Il dolore che il ragazzo provò fu acuto e improvviso, come se mille aghi l'avessero punto contemporaneamente.
Crollò in terra, incapace di tenere ferme le mani.
Perse la presa sull'elsa dell'arma, la spada gli sfuggì, cadde e scomparve nel fango.
Si sentì sconfitto. Era perduto, aveva sbagliato tutto fin dall'inizio e non poteva continuare.
Si stava dando per perso, quando una voce forte e determinata gridò alle sue spalle: "Gioturna, guarda!".

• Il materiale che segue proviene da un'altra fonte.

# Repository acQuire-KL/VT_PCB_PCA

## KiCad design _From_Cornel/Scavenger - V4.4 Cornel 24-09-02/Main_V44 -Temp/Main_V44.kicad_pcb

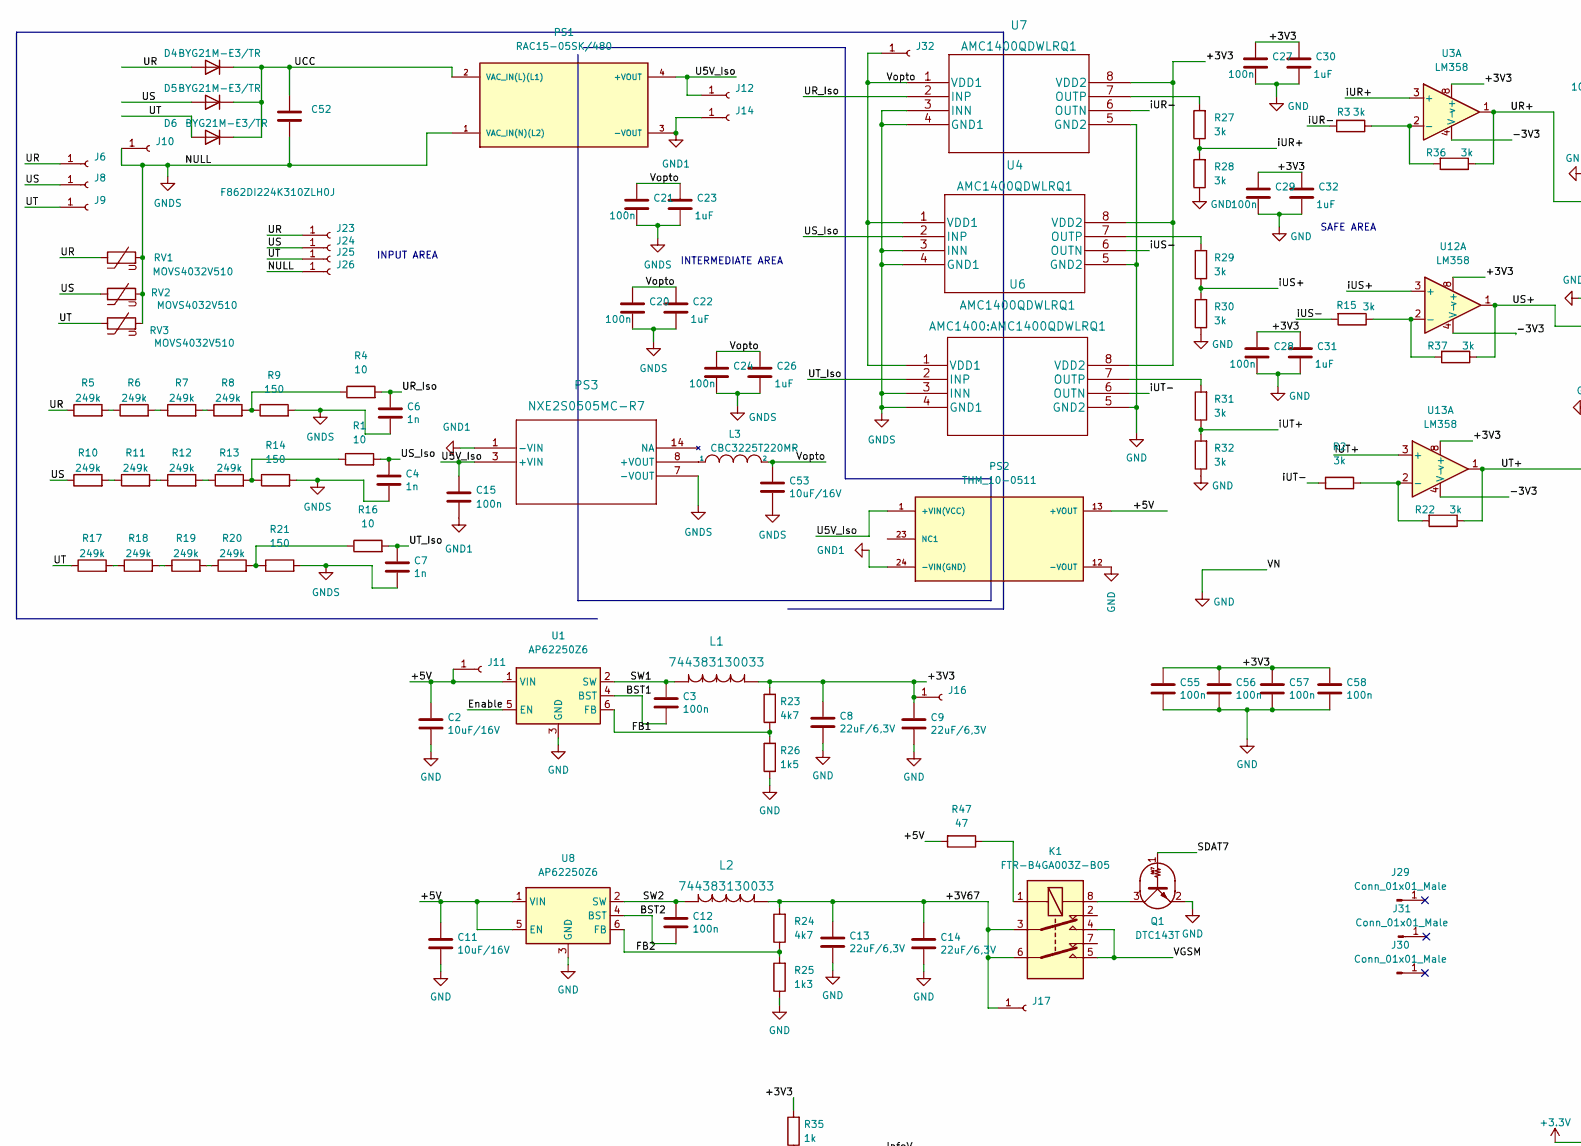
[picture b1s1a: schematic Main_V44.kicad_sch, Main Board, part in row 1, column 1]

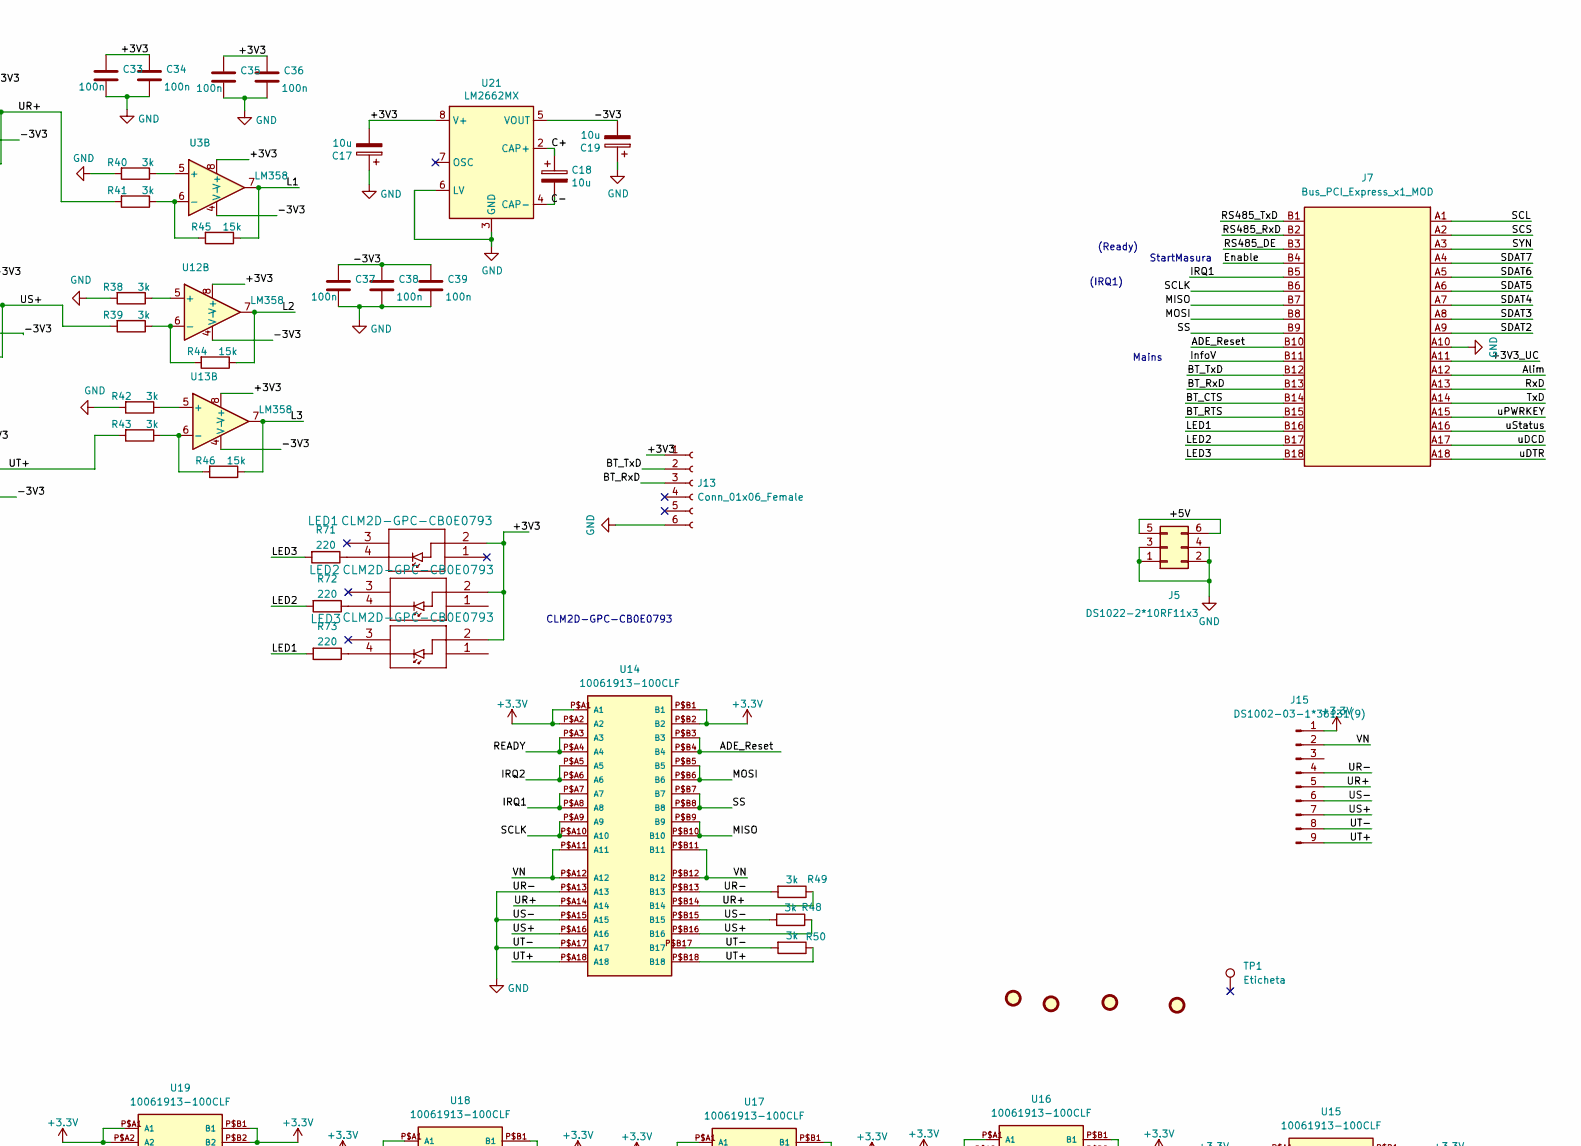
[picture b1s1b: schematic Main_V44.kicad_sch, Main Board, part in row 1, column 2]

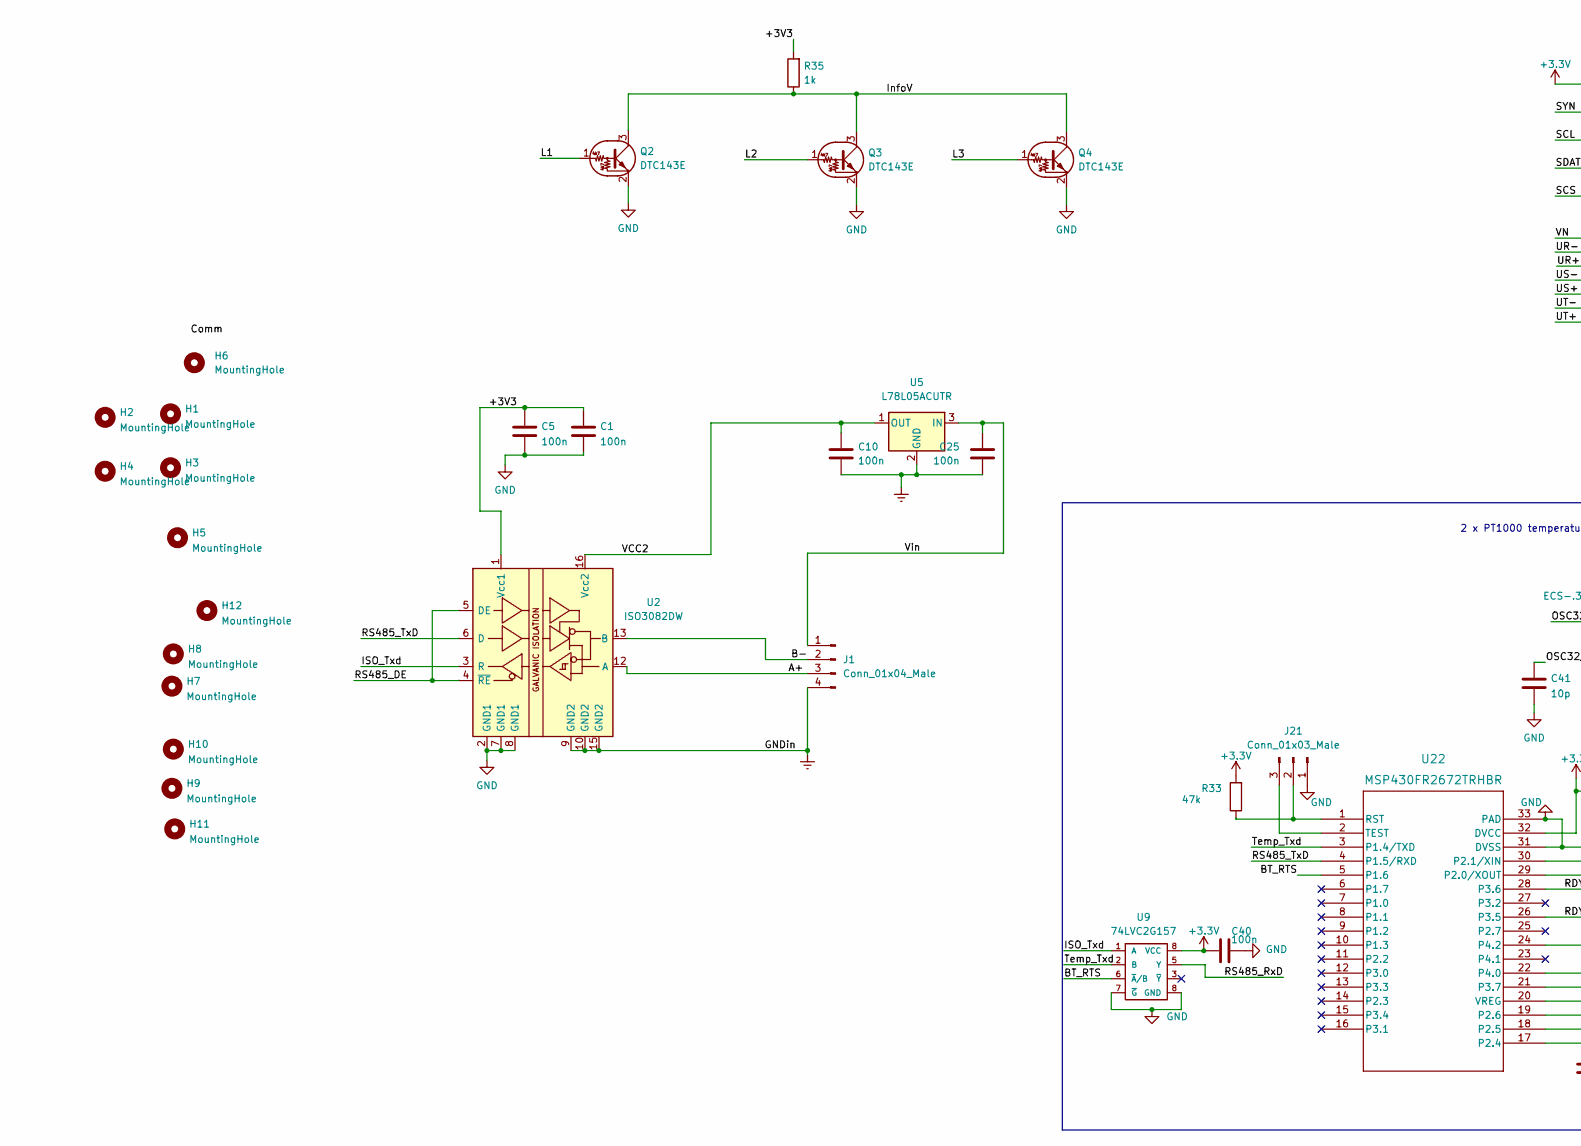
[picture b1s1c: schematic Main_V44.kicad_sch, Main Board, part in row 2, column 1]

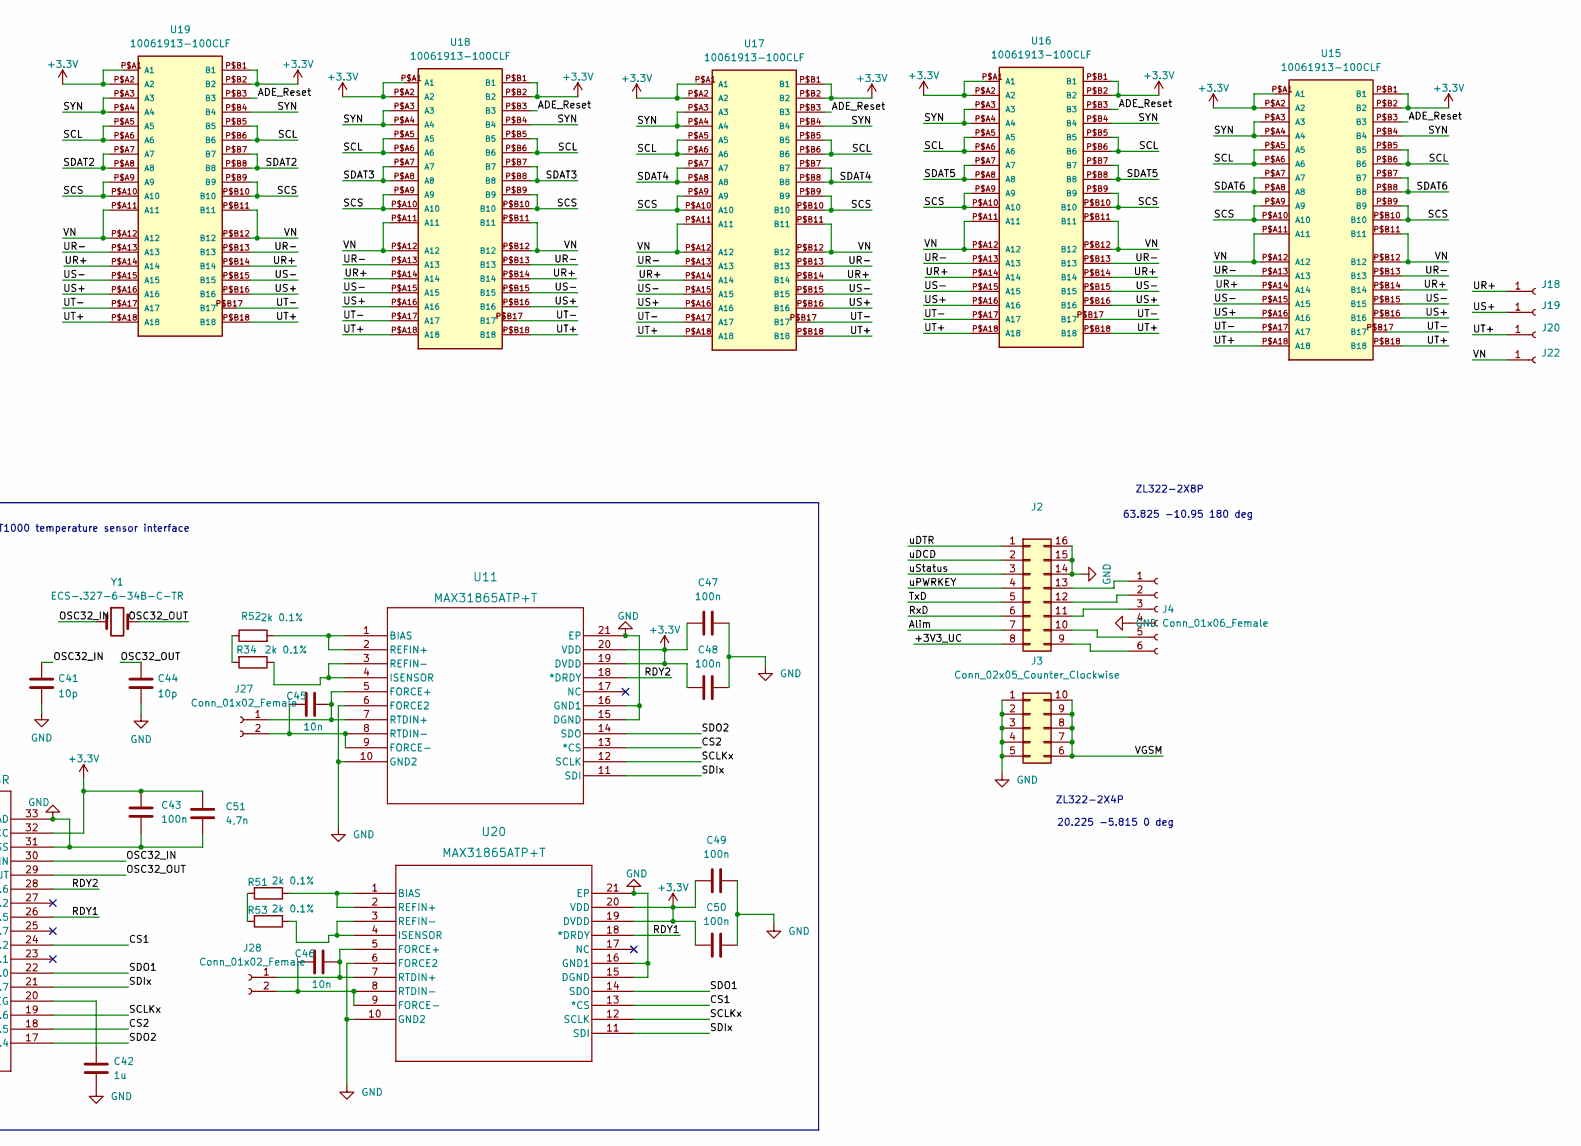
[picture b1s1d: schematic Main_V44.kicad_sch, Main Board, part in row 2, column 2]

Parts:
C1, C3, C5, C10, C12, C15, C20, C21, C24, C25, C27, C28, C29, C33, C34, C35, C36, C37, C38, C39, C40, C43, C47, C48, C49, C50, C55, C56, C57, C58: 100n; C_0603_1608Metric
C2, C11, C53: 10uF/16V; C_1206_3216Metric
C4, C6, C7: 1n; C_0603_1608Metric
C8, C9, C13, C14: 22uF/6,3V; C_1206_3216Metric
C17, C18, C19: 10u; C_1206_3216Metric
C22, C23, C26, C30, C31, C32: 1uF; C_0603_1608Metric
C41, C44: 10p; C_0603_1608Metric
C42: 1u; C_0603_1608Metric
C45, C46: 10n; C_0603_1608Metric
C51: 4,7n; C_0603_1608Metric
C52: F862DI224K310ZLH0J; C_Rect_L24.0mm_W7.0mm_P22.50mm_MKT
D4, D5, D6: BYG21M-E3/TR; D_SMA
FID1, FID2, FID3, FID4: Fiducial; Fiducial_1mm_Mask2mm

Era Faggiola e stava urlando contro alla bestia informe, all'Immonda.
"Guarda, ecco il tuo sposo! Ecco il tuo anello, il Sole è venuto apposta per te! Vallo a prendere, se puoi!".
Nel cielo, l'alone di luce attorno al Sole spiccò nitido: l'Eclissi, giunta al suo culmine, pareva un anello d'oro, con la Luna ad annerirne il centro e l'astro a darne la sostanza.
Incredula Gioturna sussultò e credette alle parole ingannatrici della Grande Madre.
Arricciò quell'orrendo intreccio di spine e bozzi che aveva al posto della bocca in qualcosa che forse voleva essere un sorriso e si illuse nuovamente.
Allungò fino allo spasimo verso l'amato Sole la liana corrosa dalla linfa luminosa di Salice che Ride, ma l'arto, intaccato in profondità dall'acido, non resse allo sforzo, si staccò di colpo dalla spalla e crollò in terra.
Lei non poté fare nulla per evitarlo.
Lo fissò cadere, inorridita lo vide agitarsi sopra al fango; come un serpente senza testa esso si aggrovigliò e si scosse, poi scomparve inghiottito dalla melma.
Baliji vide tutto.
Gioturna era indifesa, quasi cieca e senza la sua arma terribile, la sua mortale nemica era davanti a lui e non poteva più difendersi.